La albina se rio entre dientes y siguió a Ileana con las manos en la espalda, fingiendo indiferencia ante el cambio de ambiente.

-Erika- dijo Lady Gray con una voz tan baja que pudo haber sido un susurro, pero que fue lo suficientemente alto como para que la bruja lo oyera.

Fue el turno de Ileana de sonreír, preguntándose internamente si lo que estaba haciendo era un error o no.

Sólo el tiempo lo diría.

Tras media hora de caminar en un cómodo silencio y de admirar el festival de luces en el cielo que poco a poco empezaba a aclarar, ambas mujeres sintieron una perturbación en su entorno.

Volviéndose a su costado, vieron cómo las sombras se arremolinaban y se levantaban antinaturalmente, aunque de una forma mucho, muchísimo menos perturbadora que los horrores que las hicieron correr despavoridas unas horas antes.

-Bueno, supongo que sobrevivió- comentó Lady Gray con expresión plana.

-Más le vale haber conseguido otro auto- asintió Ileana con una mueca, cruzando la puerta de oscuridad sin temor alguno, seguida por la vampira.

Al otro lado, fueron recibidas por una mesa llena de bebidas, un ambiente tenuemente iluminado, mujeres danzando en tubos de metal sin prenda alguna y música bastante mala taladrando sus tímpanos.

Un Void con aspecto humano era alimentado por dos perras de imponentes pechos, mientras un decaído Walter miraba un punto cualquiera en el espacio, murmurando tonterías sobre cómo su vida era simple, aburrida pero feliz antes de que “ella” lo traicionara.

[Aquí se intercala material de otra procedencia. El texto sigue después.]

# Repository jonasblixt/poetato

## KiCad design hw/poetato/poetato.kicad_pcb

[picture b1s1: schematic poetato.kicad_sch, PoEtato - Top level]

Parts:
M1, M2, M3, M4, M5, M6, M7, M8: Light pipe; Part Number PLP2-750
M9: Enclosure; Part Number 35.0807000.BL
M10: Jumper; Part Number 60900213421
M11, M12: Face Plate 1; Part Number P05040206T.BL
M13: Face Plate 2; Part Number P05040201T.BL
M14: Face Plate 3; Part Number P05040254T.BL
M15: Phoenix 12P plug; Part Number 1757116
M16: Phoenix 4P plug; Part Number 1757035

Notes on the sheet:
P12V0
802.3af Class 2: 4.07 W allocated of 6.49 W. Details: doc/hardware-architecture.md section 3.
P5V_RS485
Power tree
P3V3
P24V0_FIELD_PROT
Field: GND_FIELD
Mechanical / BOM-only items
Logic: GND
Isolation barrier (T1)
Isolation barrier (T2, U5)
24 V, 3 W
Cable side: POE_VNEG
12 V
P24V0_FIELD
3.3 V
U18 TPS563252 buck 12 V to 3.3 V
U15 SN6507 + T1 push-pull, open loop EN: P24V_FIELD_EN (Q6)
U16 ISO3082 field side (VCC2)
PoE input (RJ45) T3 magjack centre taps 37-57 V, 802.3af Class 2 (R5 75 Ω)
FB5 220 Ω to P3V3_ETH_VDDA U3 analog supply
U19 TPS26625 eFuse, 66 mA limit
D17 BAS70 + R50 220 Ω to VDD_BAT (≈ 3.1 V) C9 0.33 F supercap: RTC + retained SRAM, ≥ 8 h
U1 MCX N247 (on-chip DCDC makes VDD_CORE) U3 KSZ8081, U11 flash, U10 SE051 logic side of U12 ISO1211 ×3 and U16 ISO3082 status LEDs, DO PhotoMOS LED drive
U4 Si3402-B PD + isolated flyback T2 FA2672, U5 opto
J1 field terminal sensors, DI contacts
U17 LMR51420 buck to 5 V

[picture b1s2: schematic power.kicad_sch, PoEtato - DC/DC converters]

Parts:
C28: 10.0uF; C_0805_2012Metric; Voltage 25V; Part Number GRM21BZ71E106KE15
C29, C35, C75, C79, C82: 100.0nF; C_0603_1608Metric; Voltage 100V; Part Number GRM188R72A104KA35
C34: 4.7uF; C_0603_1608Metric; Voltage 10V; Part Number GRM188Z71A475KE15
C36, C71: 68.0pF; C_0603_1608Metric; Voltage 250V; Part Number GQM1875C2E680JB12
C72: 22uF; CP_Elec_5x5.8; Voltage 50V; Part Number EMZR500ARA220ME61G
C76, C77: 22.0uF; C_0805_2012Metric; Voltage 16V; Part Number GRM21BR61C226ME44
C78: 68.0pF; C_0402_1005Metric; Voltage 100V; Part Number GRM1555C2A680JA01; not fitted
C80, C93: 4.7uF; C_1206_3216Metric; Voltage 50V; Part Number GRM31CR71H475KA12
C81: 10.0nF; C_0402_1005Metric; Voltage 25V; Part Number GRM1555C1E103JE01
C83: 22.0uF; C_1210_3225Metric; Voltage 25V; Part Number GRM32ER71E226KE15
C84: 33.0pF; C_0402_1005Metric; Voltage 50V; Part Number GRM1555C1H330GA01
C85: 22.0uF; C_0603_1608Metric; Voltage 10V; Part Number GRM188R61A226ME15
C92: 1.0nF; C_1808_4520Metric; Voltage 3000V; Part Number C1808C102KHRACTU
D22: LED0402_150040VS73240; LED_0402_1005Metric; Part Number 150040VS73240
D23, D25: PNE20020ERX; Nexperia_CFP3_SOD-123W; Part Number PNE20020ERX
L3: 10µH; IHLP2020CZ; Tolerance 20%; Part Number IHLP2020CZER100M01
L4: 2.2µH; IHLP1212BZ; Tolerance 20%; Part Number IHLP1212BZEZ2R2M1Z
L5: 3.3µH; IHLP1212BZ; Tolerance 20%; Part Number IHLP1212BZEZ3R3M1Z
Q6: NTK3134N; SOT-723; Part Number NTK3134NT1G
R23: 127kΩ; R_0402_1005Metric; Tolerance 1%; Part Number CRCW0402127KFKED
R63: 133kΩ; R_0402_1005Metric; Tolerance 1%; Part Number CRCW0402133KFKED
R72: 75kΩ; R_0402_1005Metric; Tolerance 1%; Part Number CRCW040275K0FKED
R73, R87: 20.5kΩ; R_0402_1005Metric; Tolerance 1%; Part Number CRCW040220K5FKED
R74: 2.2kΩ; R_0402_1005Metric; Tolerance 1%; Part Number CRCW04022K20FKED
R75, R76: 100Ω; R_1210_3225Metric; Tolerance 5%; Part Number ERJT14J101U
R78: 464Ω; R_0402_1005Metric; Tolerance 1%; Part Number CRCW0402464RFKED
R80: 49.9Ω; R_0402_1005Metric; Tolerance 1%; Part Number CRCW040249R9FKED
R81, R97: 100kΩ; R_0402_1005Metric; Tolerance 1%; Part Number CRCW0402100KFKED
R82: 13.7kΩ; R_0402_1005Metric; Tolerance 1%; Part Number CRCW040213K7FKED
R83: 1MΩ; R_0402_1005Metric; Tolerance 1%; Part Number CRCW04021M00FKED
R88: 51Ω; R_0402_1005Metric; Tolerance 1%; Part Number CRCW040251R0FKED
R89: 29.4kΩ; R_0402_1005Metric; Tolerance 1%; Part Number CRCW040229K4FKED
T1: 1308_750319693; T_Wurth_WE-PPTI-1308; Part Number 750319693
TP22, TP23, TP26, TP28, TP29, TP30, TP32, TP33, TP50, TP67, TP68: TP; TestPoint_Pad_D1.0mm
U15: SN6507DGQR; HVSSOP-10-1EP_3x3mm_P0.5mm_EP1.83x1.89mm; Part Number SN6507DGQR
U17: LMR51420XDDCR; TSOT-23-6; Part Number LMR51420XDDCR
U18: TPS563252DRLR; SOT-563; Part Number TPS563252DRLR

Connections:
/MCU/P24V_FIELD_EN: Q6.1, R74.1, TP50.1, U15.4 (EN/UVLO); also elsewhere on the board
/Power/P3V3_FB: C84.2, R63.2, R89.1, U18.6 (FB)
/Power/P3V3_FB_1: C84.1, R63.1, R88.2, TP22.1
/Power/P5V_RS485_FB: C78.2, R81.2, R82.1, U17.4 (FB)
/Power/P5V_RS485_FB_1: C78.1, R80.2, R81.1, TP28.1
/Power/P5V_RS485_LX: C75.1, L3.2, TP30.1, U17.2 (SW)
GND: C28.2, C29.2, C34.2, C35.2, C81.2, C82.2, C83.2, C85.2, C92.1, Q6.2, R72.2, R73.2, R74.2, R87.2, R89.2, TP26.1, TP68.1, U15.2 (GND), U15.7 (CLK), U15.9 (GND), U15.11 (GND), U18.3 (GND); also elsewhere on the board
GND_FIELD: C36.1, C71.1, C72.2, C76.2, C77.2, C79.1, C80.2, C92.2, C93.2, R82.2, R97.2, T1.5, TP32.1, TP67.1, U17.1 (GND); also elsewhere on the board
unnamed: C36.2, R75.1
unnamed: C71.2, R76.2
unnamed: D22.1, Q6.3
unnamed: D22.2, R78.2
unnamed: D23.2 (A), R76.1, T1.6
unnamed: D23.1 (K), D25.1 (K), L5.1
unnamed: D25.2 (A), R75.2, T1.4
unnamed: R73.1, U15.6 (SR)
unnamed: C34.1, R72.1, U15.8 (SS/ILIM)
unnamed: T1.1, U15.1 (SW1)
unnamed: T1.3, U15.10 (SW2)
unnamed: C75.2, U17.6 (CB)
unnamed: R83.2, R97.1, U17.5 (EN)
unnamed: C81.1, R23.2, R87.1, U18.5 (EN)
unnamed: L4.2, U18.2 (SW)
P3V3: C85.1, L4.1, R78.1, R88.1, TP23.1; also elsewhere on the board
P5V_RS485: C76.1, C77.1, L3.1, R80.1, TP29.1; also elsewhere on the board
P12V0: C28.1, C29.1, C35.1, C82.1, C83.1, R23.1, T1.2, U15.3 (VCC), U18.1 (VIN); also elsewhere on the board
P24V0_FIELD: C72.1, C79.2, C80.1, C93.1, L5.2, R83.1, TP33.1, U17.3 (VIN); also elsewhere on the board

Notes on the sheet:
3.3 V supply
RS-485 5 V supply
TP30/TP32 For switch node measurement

La bruja y la vampira se cruzaron de brazos, sus ojos y cuencas fijos en los desproporcionalmente grandes globos que rebotaban por todas partes.

-¡Queridas, me alegra ver que estén bien!

– saludó Void casualmente, sonriendo con satisfacción para sí mismo.

El párpado de Ileana tembló y agitó sus dedos levemente, sacando la billetera del bolsillo de Void con su telequinesis.

Sin prestarles atención a los dos pervertidos, sacó una decente cantidad de billetes y arrojó la billetera a su dueño, volviéndose a Lady Gray con una sonrisa cómplice.

-¿Ropa, zapatos y bebidas de calidad?

La albina miró a sus pies sucios y descalzos, sonrojándose un poco por la pobre imagen que daba de sí misma en este momento.

-¿Un baño y masaje, quizás?- sugirió suavemente.

Ileana lo pensó unos segundos y asintió, mirando al ente de sombra por encima del hombro con intensidad.

-Jeez, ese mocoso sí que te mimó demasiado, mujer- se quejó Void, desembolsando más dinero de mala gana.

-Kuku, por eso estamos aquí, tonto.

Tengo que devolverle mucho- sonrió Ileana, tomando a la vampira y saliendo de aquel establecimiento.

Por primera vez en mucho tiempo, ambas damas tuvieron una noche de relajación sólo para chicas.